Dataset records

=-=-=-=-=

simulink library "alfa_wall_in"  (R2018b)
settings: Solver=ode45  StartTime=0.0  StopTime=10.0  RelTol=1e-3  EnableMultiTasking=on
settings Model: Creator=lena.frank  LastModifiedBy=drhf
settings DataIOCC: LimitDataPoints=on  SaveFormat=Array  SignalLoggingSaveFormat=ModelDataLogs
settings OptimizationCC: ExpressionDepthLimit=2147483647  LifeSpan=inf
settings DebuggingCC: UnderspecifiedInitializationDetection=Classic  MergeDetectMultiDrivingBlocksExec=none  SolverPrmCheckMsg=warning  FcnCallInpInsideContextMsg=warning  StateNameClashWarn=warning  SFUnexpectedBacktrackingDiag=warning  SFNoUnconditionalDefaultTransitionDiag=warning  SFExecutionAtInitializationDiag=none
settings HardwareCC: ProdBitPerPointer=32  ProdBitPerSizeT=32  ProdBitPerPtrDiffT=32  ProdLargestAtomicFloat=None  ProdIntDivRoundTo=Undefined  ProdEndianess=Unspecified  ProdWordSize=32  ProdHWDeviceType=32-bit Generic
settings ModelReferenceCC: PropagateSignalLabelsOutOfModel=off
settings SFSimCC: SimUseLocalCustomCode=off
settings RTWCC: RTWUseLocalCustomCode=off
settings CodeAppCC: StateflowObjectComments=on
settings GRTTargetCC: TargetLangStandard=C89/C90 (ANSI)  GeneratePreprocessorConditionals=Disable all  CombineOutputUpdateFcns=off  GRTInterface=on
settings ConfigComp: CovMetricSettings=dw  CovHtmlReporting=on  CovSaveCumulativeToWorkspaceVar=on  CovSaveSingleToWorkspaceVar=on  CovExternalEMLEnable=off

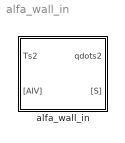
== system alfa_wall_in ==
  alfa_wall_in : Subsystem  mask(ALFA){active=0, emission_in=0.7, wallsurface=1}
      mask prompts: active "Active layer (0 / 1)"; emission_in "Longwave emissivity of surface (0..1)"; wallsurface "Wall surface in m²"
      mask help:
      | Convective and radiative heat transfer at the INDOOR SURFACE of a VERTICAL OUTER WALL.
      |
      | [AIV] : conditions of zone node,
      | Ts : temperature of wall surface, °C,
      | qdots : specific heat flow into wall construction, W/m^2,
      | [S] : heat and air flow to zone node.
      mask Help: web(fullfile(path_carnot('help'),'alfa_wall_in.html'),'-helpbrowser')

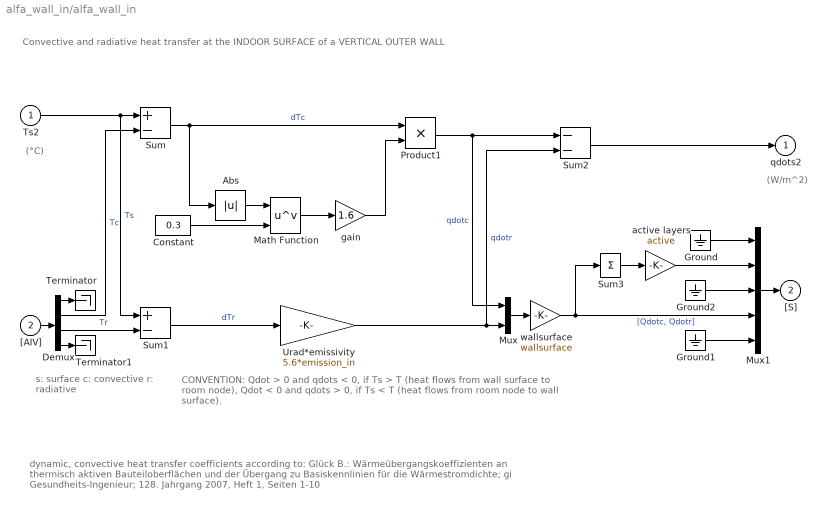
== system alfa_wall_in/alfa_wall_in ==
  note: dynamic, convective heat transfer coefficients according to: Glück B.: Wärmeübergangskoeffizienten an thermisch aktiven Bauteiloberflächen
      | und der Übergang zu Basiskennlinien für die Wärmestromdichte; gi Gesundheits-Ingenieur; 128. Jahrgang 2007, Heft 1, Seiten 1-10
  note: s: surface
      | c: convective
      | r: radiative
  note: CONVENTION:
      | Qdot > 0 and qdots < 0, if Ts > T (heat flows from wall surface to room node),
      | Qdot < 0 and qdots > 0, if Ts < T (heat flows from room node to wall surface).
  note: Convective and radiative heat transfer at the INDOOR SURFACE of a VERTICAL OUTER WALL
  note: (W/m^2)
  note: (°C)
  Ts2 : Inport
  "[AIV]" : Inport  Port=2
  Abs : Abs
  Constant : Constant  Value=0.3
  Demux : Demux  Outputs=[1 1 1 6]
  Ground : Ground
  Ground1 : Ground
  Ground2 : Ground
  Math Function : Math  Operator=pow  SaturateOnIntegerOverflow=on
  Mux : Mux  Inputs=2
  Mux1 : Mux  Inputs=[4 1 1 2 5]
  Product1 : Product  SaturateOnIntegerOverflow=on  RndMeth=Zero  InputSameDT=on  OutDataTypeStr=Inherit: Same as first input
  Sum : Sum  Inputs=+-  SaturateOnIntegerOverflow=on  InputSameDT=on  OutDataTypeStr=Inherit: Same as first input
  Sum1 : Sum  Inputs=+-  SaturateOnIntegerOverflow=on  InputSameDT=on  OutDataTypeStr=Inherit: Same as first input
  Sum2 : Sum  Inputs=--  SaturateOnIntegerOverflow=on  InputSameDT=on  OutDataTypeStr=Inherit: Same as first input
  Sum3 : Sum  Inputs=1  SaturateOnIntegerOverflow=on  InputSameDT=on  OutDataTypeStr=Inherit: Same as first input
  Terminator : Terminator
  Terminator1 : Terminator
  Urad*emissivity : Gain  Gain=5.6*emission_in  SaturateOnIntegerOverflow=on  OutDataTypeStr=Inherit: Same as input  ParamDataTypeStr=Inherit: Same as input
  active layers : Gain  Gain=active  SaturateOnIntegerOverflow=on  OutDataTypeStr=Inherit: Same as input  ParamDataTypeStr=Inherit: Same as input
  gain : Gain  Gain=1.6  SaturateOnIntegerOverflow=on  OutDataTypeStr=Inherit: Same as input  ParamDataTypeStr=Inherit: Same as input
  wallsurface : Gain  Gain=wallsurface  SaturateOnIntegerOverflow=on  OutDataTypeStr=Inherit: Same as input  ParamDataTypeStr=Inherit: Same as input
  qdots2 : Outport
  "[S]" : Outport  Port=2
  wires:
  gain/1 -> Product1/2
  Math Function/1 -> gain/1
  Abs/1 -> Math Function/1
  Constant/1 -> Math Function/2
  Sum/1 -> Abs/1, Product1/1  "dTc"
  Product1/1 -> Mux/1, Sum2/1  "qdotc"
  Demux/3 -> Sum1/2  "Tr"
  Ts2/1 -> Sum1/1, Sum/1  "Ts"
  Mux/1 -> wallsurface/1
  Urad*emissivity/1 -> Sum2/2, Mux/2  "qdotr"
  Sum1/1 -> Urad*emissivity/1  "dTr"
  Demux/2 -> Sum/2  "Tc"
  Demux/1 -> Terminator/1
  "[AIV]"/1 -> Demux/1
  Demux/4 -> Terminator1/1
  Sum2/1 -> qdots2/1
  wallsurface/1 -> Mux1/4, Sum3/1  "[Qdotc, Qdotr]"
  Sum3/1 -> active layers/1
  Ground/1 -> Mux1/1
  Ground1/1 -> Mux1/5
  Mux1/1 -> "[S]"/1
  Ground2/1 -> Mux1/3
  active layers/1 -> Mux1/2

=-=-=-=-=

* _EXERCISE_
Copy out each line of the entries where the word "Math" is found.

* _ANSWER TO THE PROBLEM_
  Math Function : Math  Operator=pow  SaturateOnIntegerOverflow=on
  Math Function/1 -> gain/1
  Abs/1 -> Math Function/1
  Constant/1 -> Math Function/2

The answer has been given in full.